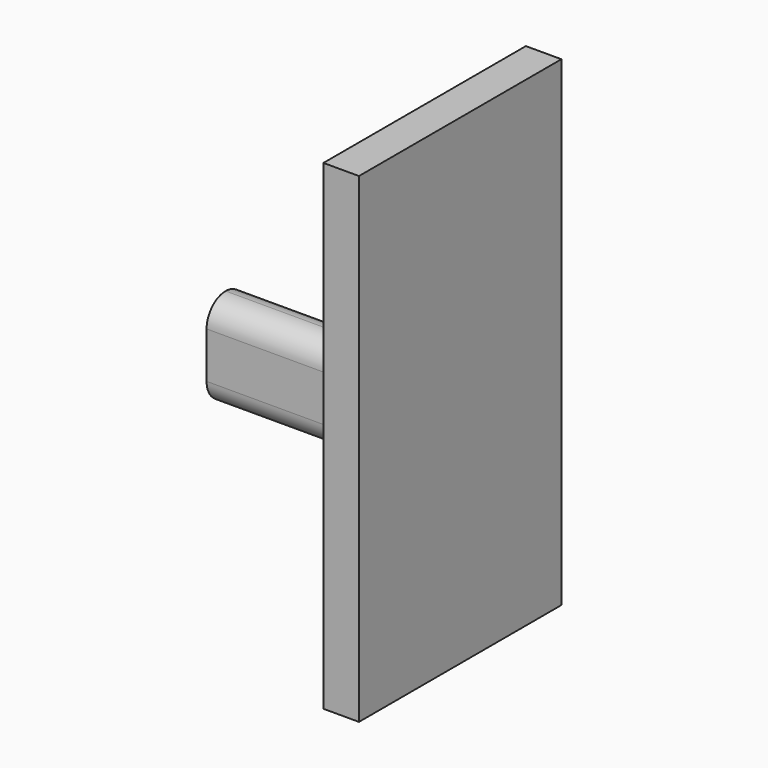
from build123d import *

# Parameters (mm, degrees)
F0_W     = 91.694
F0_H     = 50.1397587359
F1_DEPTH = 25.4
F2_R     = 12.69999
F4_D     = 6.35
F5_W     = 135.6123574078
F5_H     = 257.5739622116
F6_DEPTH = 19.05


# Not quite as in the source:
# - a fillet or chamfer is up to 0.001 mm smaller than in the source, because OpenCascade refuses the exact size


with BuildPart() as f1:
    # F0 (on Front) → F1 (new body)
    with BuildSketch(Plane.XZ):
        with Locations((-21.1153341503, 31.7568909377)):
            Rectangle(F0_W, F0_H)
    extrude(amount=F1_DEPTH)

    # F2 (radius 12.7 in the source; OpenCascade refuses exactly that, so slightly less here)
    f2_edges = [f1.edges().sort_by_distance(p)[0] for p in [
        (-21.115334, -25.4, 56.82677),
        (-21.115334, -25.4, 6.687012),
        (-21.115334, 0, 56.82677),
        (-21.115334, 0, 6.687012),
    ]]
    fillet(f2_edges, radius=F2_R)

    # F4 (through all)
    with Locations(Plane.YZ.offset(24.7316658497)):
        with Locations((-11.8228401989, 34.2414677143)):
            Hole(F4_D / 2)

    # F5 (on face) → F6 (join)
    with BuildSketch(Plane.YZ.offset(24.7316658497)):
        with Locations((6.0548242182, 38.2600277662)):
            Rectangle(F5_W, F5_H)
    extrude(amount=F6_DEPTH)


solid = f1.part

· · · ·

Activity - Quote, without alteration, the final stretch of the entries: the line with "# F5 (on face) → F6 (join)" onward to the last line.

Response to the exercise -
    # F5 (on face) → F6 (join)
    with BuildSketch(Plane.YZ.offset(24.7316658497)):
        with Locations((6.0548242182, 38.2600277662)):
            Rectangle(F5_W, F5_H)
    extrude(amount=F6_DEPTH)


solid = f1.part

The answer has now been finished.